### EXERCISE MATERIALS
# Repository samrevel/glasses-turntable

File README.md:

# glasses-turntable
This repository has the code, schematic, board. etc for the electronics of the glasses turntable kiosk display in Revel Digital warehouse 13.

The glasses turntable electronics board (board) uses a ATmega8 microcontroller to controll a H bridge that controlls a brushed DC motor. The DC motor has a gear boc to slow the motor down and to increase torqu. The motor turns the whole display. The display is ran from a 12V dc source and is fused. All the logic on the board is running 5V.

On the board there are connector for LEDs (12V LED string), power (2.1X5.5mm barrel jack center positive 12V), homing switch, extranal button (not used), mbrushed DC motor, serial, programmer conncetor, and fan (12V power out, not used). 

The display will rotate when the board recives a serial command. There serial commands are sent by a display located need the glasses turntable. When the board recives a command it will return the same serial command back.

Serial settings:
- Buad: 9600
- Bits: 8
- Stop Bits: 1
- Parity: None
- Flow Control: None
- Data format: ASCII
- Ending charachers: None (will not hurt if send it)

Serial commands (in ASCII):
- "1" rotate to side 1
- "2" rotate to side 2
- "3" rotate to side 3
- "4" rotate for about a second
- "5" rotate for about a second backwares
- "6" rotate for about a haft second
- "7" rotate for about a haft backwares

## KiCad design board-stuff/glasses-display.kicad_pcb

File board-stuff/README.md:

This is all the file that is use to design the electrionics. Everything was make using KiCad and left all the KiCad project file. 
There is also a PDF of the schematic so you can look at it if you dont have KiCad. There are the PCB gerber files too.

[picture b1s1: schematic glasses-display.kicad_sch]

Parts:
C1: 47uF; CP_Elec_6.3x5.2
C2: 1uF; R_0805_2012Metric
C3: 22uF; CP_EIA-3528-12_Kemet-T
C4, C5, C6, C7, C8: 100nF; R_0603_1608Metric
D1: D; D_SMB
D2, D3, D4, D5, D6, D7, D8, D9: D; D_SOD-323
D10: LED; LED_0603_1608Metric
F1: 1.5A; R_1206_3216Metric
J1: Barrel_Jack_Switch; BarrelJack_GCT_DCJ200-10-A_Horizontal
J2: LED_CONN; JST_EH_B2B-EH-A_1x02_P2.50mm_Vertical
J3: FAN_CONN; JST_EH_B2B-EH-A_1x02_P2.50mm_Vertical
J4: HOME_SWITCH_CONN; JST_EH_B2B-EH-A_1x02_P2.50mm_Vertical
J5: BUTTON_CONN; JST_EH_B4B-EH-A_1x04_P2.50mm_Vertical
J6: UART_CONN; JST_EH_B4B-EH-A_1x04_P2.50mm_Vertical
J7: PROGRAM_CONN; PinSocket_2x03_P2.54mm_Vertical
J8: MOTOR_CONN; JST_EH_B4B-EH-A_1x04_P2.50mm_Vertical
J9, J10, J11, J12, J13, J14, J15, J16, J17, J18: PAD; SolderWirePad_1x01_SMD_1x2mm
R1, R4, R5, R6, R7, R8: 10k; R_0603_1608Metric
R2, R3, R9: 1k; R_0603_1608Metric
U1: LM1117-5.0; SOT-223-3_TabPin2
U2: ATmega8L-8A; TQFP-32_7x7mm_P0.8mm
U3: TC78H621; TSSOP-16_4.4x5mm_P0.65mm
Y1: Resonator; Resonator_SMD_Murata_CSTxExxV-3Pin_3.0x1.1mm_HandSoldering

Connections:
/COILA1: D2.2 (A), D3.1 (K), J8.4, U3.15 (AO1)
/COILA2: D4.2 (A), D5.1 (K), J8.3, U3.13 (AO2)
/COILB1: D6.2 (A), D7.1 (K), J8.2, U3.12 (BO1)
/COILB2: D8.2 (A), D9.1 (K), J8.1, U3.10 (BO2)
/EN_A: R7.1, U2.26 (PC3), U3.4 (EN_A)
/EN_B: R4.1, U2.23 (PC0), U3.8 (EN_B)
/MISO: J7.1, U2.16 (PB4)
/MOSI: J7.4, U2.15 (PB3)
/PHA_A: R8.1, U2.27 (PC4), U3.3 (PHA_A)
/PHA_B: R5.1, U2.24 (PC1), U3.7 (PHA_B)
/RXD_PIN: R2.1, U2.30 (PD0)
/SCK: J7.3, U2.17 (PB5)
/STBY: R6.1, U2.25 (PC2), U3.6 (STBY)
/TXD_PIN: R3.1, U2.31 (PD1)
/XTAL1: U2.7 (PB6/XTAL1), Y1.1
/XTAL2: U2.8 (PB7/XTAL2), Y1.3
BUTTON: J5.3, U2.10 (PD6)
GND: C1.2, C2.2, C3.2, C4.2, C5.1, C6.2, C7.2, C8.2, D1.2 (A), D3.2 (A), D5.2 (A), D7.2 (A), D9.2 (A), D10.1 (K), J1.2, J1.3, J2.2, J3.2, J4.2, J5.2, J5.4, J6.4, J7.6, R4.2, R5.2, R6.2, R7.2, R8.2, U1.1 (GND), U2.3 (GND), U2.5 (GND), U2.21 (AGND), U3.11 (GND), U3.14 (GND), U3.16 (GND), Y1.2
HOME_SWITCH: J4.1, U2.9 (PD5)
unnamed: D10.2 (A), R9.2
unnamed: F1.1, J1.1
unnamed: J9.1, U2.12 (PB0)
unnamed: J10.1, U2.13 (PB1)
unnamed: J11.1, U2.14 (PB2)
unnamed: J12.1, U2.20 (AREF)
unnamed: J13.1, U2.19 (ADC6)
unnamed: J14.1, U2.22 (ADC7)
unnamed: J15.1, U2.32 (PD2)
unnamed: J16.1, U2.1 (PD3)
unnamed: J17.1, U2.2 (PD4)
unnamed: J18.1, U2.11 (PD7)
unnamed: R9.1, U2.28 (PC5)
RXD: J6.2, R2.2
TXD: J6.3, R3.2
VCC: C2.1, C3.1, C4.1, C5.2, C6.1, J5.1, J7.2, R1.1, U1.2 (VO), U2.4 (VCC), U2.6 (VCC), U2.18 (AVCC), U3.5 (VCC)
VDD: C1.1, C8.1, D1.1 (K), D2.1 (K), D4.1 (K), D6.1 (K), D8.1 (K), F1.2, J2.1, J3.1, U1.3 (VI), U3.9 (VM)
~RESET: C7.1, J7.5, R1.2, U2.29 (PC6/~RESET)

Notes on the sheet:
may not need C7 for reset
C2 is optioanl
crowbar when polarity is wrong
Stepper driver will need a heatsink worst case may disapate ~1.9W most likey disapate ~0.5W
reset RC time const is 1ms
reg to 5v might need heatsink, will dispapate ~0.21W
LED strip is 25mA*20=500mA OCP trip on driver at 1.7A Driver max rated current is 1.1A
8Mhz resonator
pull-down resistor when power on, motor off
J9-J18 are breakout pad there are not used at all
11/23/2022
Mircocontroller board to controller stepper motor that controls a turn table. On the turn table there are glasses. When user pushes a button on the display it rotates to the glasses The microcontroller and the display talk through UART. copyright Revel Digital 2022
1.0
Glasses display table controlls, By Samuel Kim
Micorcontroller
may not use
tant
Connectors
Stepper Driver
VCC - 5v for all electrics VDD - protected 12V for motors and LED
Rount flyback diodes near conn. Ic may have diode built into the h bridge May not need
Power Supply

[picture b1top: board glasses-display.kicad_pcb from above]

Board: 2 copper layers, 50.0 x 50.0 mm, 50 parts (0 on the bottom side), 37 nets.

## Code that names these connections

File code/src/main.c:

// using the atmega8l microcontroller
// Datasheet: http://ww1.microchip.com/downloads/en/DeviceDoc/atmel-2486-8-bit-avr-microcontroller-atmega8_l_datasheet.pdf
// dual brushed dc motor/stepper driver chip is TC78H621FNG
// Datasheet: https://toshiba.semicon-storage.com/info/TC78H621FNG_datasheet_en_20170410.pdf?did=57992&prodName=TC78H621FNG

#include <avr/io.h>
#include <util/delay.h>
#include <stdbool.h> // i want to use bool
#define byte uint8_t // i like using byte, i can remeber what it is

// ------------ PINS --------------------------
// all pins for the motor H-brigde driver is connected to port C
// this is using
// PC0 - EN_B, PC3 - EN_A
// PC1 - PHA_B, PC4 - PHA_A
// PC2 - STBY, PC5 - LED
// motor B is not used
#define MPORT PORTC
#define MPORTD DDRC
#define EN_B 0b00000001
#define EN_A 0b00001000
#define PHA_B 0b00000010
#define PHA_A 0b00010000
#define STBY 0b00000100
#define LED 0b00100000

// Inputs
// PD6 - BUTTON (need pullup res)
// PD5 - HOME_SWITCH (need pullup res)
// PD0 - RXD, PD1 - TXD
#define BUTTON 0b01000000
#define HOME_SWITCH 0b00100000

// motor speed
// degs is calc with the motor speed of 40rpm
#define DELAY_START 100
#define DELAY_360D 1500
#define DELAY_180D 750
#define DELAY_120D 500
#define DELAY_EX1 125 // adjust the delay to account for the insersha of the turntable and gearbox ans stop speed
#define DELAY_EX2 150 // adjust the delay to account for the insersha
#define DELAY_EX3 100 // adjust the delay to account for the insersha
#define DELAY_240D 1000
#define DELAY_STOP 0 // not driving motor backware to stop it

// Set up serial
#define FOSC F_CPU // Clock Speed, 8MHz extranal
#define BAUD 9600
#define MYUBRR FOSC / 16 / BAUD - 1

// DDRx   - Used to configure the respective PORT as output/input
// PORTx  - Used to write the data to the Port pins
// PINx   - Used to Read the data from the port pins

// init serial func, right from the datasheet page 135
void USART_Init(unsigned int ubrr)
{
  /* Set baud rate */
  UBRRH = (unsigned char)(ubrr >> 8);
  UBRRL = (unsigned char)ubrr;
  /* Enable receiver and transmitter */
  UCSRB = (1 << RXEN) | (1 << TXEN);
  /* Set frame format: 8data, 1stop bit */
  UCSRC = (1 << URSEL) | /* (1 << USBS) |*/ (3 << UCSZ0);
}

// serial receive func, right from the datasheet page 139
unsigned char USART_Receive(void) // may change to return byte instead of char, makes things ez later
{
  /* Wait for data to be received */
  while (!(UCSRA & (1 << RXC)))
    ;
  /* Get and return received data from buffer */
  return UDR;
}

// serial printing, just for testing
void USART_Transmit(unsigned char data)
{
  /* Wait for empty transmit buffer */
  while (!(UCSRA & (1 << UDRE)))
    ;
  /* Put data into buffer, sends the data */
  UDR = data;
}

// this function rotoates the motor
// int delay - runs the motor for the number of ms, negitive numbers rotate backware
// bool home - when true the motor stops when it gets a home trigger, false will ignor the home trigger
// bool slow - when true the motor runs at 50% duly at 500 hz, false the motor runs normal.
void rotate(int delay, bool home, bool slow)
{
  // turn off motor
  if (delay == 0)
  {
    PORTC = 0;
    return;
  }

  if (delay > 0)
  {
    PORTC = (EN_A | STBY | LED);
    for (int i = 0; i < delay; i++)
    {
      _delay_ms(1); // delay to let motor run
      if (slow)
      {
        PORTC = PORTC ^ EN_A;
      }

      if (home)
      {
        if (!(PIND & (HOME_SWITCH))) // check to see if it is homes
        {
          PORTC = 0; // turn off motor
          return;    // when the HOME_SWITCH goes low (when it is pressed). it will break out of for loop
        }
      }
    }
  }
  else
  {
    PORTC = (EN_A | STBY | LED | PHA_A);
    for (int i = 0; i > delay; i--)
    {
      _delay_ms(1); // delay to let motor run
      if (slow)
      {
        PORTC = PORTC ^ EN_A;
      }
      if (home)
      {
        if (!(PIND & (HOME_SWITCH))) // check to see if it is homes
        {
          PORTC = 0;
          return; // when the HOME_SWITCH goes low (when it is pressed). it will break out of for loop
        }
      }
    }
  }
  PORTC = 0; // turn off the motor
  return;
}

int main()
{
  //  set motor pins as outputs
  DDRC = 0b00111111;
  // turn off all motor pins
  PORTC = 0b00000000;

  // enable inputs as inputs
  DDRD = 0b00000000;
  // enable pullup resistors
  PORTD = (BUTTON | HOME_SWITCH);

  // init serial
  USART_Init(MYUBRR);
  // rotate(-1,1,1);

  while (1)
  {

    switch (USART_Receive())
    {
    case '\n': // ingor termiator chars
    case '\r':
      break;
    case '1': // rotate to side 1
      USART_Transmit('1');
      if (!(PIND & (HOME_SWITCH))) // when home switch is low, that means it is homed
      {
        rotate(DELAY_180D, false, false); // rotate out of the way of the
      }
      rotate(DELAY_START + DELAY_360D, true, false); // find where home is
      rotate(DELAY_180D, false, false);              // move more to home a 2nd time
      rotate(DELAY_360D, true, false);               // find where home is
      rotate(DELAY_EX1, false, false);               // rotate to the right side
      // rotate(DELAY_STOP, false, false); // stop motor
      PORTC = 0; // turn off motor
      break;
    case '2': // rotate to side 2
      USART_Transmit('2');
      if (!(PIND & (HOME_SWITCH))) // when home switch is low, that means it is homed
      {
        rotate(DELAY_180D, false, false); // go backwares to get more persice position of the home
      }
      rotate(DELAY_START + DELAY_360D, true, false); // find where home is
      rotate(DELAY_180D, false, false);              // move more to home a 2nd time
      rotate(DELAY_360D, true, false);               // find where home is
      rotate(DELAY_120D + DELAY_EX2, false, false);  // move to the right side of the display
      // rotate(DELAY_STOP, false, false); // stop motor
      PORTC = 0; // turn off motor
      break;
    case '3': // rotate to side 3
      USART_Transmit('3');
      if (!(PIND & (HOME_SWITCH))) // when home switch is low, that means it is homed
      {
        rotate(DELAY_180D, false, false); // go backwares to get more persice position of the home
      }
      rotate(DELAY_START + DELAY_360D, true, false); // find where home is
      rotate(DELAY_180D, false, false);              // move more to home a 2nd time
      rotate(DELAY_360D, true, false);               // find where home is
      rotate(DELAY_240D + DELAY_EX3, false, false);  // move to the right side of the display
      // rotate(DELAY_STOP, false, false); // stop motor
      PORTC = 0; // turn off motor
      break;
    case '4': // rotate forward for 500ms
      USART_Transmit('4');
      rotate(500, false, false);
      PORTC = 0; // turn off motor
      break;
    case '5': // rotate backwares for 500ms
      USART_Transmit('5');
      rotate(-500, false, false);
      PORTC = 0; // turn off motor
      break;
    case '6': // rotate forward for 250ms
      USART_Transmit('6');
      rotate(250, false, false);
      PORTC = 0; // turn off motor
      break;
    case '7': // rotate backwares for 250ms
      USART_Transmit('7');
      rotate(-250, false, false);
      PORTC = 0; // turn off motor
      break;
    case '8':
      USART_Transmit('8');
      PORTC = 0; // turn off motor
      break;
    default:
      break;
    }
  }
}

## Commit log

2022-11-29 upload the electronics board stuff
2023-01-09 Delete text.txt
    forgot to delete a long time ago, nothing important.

### WORK ITEM
Please return a copy of each line in the entries that has the string "runs".

### WRITTEN SOLUTION
// int delay - runs the motor for the number of ms, negitive numbers rotate backware
// bool slow - when true the motor runs at 50% duly at 500 hz, false the motor runs normal.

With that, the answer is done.